When we restarted conversations, we very quickly realized everyone was still on board, maybe even more so than before. The realization that none of us had any say in what was happening at the museum recommitted people to our organizing.
Art museum managers’ responses to union campaigns vary. In some instances, as with MOCA in Los Angeles, managers have agreed to voluntarily recognize the union when faced with signed union cards indicating that a majority of workers have expressed a desire to be part of a union.

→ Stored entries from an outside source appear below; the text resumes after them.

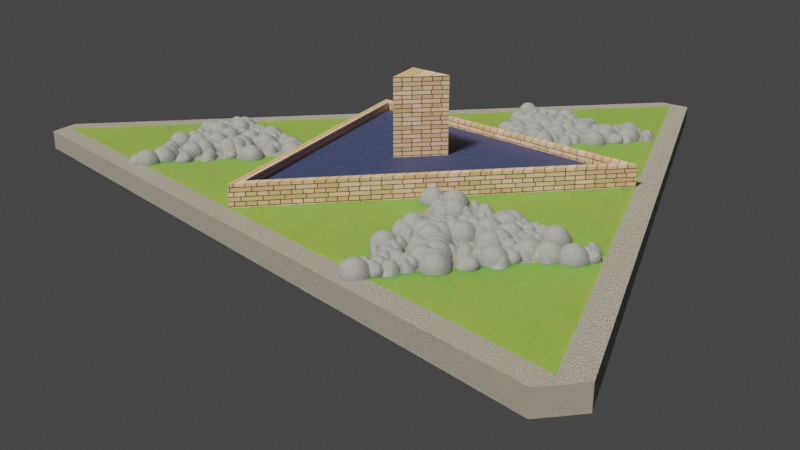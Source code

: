 # Source: triangles-230324-1-9.blend  (saved by Blender 3.6.11; exported with 4.5.12 LTS)
import bpy
from mathutils import Matrix  # noqa: F401  (used for matrix-valued properties, if any)

bpy.ops.wm.read_factory_settings(use_empty=True)
scene = bpy.context.scene
scene.name = 'Scene'

# ---- collections
col_collection = bpy.data.collections.new('Collection'); scene.collection.children.link(col_collection)
col_rocks = bpy.data.collections.new('rocks'); col_collection.children.link(col_rocks)

# ---- materials (node trees are filled in below, after node groups)
mat_material_001 = bpy.data.materials.new('Material.001')
mat_material_001.use_transparent_shadow = False
mat_material_002 = bpy.data.materials.new('Material.002')
mat_material_002.use_transparent_shadow = False
mat_material_003 = bpy.data.materials.new('Material.003')
mat_material_003.use_transparent_shadow = False
mat_material_004 = bpy.data.materials.new('Material.004')
mat_material_004.use_transparent_shadow = False
mat_material_006 = bpy.data.materials.new('Material.006')
mat_material_006.use_transparent_shadow = False
mat_material_005 = bpy.data.materials.new('Material.005')
mat_material_005.use_transparent_shadow = False

# ---- node groups
ng_geometry_nodes = bpy.data.node_groups.new('Geometry Nodes', 'GeometryNodeTree')
_s = ng_geometry_nodes.interface.new_socket(name='Geometry', in_out='OUTPUT', socket_type='NodeSocketGeometry')
_s = ng_geometry_nodes.interface.new_socket(name='Geometry', in_out='INPUT', socket_type='NodeSocketGeometry')
ng_geometry_nodes.is_modifier = True
# nodes of 'Geometry Nodes' reference scene objects; filled in after objects exist
ng_geometry_nodes_002 = bpy.data.node_groups.new('Geometry Nodes.002', 'GeometryNodeTree')
_s = ng_geometry_nodes_002.interface.new_socket(name='Geometry', in_out='OUTPUT', socket_type='NodeSocketGeometry')
_s = ng_geometry_nodes_002.interface.new_socket(name='Geometry', in_out='INPUT', socket_type='NodeSocketGeometry')
ng_geometry_nodes_002.is_modifier = True
# nodes of 'Geometry Nodes.002' reference scene objects; filled in after objects exist
ng_auto_smooth = bpy.data.node_groups.new('Auto Smooth', 'GeometryNodeTree')
_s = ng_auto_smooth.interface.new_socket(name='Geometry', in_out='OUTPUT', socket_type='NodeSocketGeometry')
_s = ng_auto_smooth.interface.new_socket(name='Geometry', in_out='INPUT', socket_type='NodeSocketGeometry')
_s = ng_auto_smooth.interface.new_socket(name='Angle', in_out='INPUT', socket_type='NodeSocketFloat')
_s.subtype = 'ANGLE'
_s.min_value = 0.0
_s.max_value = 3.142
ng_auto_smooth.is_modifier = True
_N = ng_auto_smooth.nodes; _L = ng_auto_smooth.links
n0 = _N.new('NodeGroupOutput'); n0.name = 'Group Output'; n0.location = (480, -100)
n1 = _N.new('NodeGroupInput'); n1.name = 'Group Input'; n1.location = (-420, -300)
n2 = _N.new('NodeGroupInput'); n2.name = 'Group Input.001'; n2.location = (-60, -100)
n3 = _N.new('GeometryNodeSetShadeSmooth'); n3.name = 'Set Shade Smooth'; n3.location = (120, -100)
n3.domain = 'EDGE'
n4 = _N.new('GeometryNodeSetShadeSmooth'); n4.name = 'Set Shade Smooth.001'; n4.location = (300, -100)
n5 = _N.new('GeometryNodeInputMeshEdgeAngle'); n5.name = 'Edge Angle'; n5.location = (-420, -220)
n6 = _N.new('GeometryNodeInputEdgeSmooth'); n6.name = 'Is Edge Smooth'; n6.location = (-60, -160)
n7 = _N.new('GeometryNodeInputShadeSmooth'); n7.name = 'Is Face Smooth'; n7.location = (-240, -340)
n8 = _N.new('FunctionNodeBooleanMath'); n8.name = 'Boolean Math'; n8.location = (-60, -220)
n9 = _N.new('FunctionNodeCompare'); n9.name = 'Compare'; n9.location = (-240, -180)
n9.operation = 'LESS_EQUAL'
_L.new(n5.outputs[0], n9.inputs[0])
_L.new(n4.outputs[0], n0.inputs[0])
_L.new(n1.outputs[1], n9.inputs[1])
_L.new(n9.outputs[0], n8.inputs[0])
_L.new(n7.outputs[0], n8.inputs[1])
_L.new(n2.outputs[0], n3.inputs[0])
_L.new(n6.outputs[0], n3.inputs[1])
_L.new(n3.outputs[0], n4.inputs[0])
_L.new(n8.outputs[0], n3.inputs[2])
n0.is_active_output = True

# ---- material node trees
mat_material_001.use_nodes = True; mat_material_001.node_tree.nodes.clear()
_N = mat_material_001.node_tree.nodes; _L = mat_material_001.node_tree.links
n0 = _N.new('ShaderNodeMapping'); n0.name = 'Mapping'; n0.location = (-604, 119)
n1 = _N.new('ShaderNodeTexCoord'); n1.name = 'Texture Coordinate'; n1.location = (-784, 119)
n2 = _N.new('ShaderNodeOutputMaterial'); n2.name = 'Material Output'; n2.location = (767, 282)
n3 = _N.new('ShaderNodeBsdfPrincipled'); n3.name = 'Principled BSDF'; n3.location = (495, 296)
n3.distribution = 'GGX'
n3.subsurface_method = 'RANDOM_WALK_SKIN'
n3.inputs[3].default_value = 1.45
n3.inputs[8].default_value = 1.0
n3.inputs[10].default_value = 0.2
n3.inputs[27].default_value = (0.0, 0.0, 0.0, 1.0)
n3.inputs[28].default_value = 1.0
n4 = _N.new('ShaderNodeTexNoise'); n4.name = 'Musgrave Texture'; n4.location = (-411, 149)
n4.width = 150
n4.normalize = False
n4.inputs[2].default_value = 36.7
n4.inputs[3].default_value = 3.8
n4.inputs[4].default_value = 1.0
n5 = _N.new('ShaderNodeValToRGB'); n5.name = 'Color Ramp'; n5.location = (-53, 214)
while len(n5.color_ramp.elements) > 1: n5.color_ramp.elements.remove(n5.color_ramp.elements[-1])
n5.color_ramp.elements[0].position = 0.4636; n5.color_ramp.elements[0].color = (1.0, 1.0, 1.0, 1.0)
_e = n5.color_ramp.elements.new(0.5045); _e.color = (0.0, 0.0, 0.0, 1.0)
n6 = _N.new('ShaderNodeMix'); n6.name = 'Mix'; n6.location = (264, 230)
n6.data_type = 'RGBA'
n6.inputs[6].default_value = (0.1836, 0.5, 0.09672, 1.0)
n6.inputs[7].default_value = (0.01513, 0.3401, 0.02618, 1.0)
n7 = _N.new('ShaderNodeTexNoise'); n7.name = 'Noise Texture'; n7.location = (-235, 135)
n7.inputs[2].default_value = 52.1
n7.inputs[3].default_value = 15.0
n7.inputs[4].default_value = 0.1667
n8 = _N.new('ShaderNodeBump'); n8.name = 'Bump'; n8.location = (296, -96)
n8.invert = True
n8.inputs[1].default_value = 8.3
n8.inputs[2].default_value = 1.0
n9 = _N.new('ShaderNodeMix'); n9.name = 'Mix.001'; n9.location = (325, 176)
n9.data_type = 'RGBA'
n9.inputs[0].default_value = 0.2
n9.inputs[7].default_value = (0.8, 0.5887, 0.1409, 1.0)
_L.new(n1.outputs[0], n0.inputs[0])
_L.new(n0.outputs[0], n4.inputs[0])
_L.new(n7.outputs[1], n5.inputs[0])
_L.new(n3.outputs[0], n2.inputs[0])
_L.new(n5.outputs[0], n6.inputs[0])
_L.new(n4.outputs[0], n7.inputs[0])
_L.new(n8.outputs[0], n3.inputs[5])
_L.new(n5.outputs[0], n8.inputs[3])
_L.new(n6.outputs[2], n9.inputs[6])
_L.new(n9.outputs[2], n3.inputs[0])
n2.is_active_output = True
mat_material_002.use_nodes = True; mat_material_002.node_tree.nodes.clear()
_N = mat_material_002.node_tree.nodes; _L = mat_material_002.node_tree.links
n0 = _N.new('ShaderNodeOutputMaterial'); n0.name = 'Material Output'; n0.location = (558, 300)
n1 = _N.new('ShaderNodeBsdfPrincipled'); n1.name = 'Principled BSDF'; n1.location = (234, 346)
n1.distribution = 'GGX'
n1.subsurface_method = 'RANDOM_WALK_SKIN'
n1.inputs[3].default_value = 1.45
n1.inputs[27].default_value = (0.0, 0.0, 0.0, 1.0)
n1.inputs[28].default_value = 1.0
n2 = _N.new('ShaderNodeTexCoord'); n2.name = 'Texture Coordinate'; n2.location = (-936, 223)
n3 = _N.new('ShaderNodeMapping'); n3.name = 'Mapping'; n3.location = (-760, 224)
n4 = _N.new('ShaderNodeBump'); n4.name = 'Bump'; n4.location = (52, 40)
n4.inputs[0].default_value = 0.8417
n4.inputs[1].default_value = 1.0
n4.inputs[2].default_value = 1.0
n5 = _N.new('ShaderNodeTexNoise'); n5.name = 'Musgrave Texture'; n5.location = (-590, 78)
n5.width = 150
n5.noise_type = 'HYBRID_MULTIFRACTAL'
n5.normalize = False
n5.inputs[2].default_value = 38.8
n5.inputs[3].default_value = 14.0
n5.inputs[4].default_value = 0.25
n6 = _N.new('ShaderNodeTexNoise'); n6.name = 'Noise Texture'; n6.location = (-432, 229)
n6.inputs[2].default_value = 2000.0
n7 = _N.new('ShaderNodeValToRGB'); n7.name = 'Color Ramp'; n7.location = (-231, 252)
while len(n7.color_ramp.elements) > 1: n7.color_ramp.elements.remove(n7.color_ramp.elements[-1])
n7.color_ramp.elements[0].position = 0.1545; n7.color_ramp.elements[0].color = (0.0002402, 0.0002402, 0.0002402, 1.0)
_e = n7.color_ramp.elements.new(0.6682); _e.color = (1.0, 1.0, 1.0, 1.0)
_L.new(n1.outputs[0], n0.inputs[0])
_L.new(n7.outputs[0], n1.inputs[0])
_L.new(n2.outputs[0], n3.inputs[0])
_L.new(n6.outputs[1], n7.inputs[0])
_L.new(n4.outputs[0], n1.inputs[5])
_L.new(n7.outputs[0], n4.inputs[3])
_L.new(n3.outputs[0], n6.inputs[0])
n0.is_active_output = True
mat_material_003.use_nodes = True; mat_material_003.node_tree.nodes.clear()
_N = mat_material_003.node_tree.nodes; _L = mat_material_003.node_tree.links
n0 = _N.new('ShaderNodeBsdfPrincipled'); n0.name = 'Principled BSDF'; n0.location = (-139, 353)
n0.distribution = 'GGX'
n0.subsurface_method = 'RANDOM_WALK_SKIN'
n0.inputs[3].default_value = 1.45
n0.inputs[27].default_value = (0.0, 0.0, 0.0, 1.0)
n0.inputs[28].default_value = 1.0
n1 = _N.new('ShaderNodeOutputMaterial'); n1.name = 'Material Output'; n1.location = (151, 353)
n2 = _N.new('ShaderNodeMapping'); n2.name = 'Mapping'; n2.location = (-783, 283)
n2.inputs[2].default_value = (0.0, 1.571, 1.571)
n3 = _N.new('ShaderNodeTexCoord'); n3.name = 'Texture Coordinate'; n3.location = (-1016, 247)
n4 = _N.new('ShaderNodeTexBrick'); n4.name = 'Brick Texture'; n4.location = (-593, 298)
n4.offset_frequency = 4
n4.squash = 1.9
n4.inputs[1].default_value = (0.8, 0.5833, 0.4998, 1.0)
n4.inputs[2].default_value = (0.598, 0.3962, 0.2323, 1.0)
_L.new(n0.outputs[0], n1.inputs[0])
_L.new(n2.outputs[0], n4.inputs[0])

In Philadelphia and Boston, by contrast, museum managers have insisted the union prove its support in an election process. In Philadelphia, the museum even hired Morgan Lewis, viewed as a union-busting law firm that advises employers on how to limit membership in unions. In Boston, it is unclear who is advising management, but according to Maida Rosenstein, president of Local 2110, museum managers are seeking to limit who the union represents, challenging the ballots of 41 workers, including some curators and conservators, arguing these workers shouldn’t be included in the union. Those ballots were not opened in the vote counting as a result.
It is no secret that museums face extraordinarily hard times, with many museums that reopened this summer facing possible reclosure due to a surging pandemic. So far, Boston museums have been allowed to stay open, but with restricted entry rules.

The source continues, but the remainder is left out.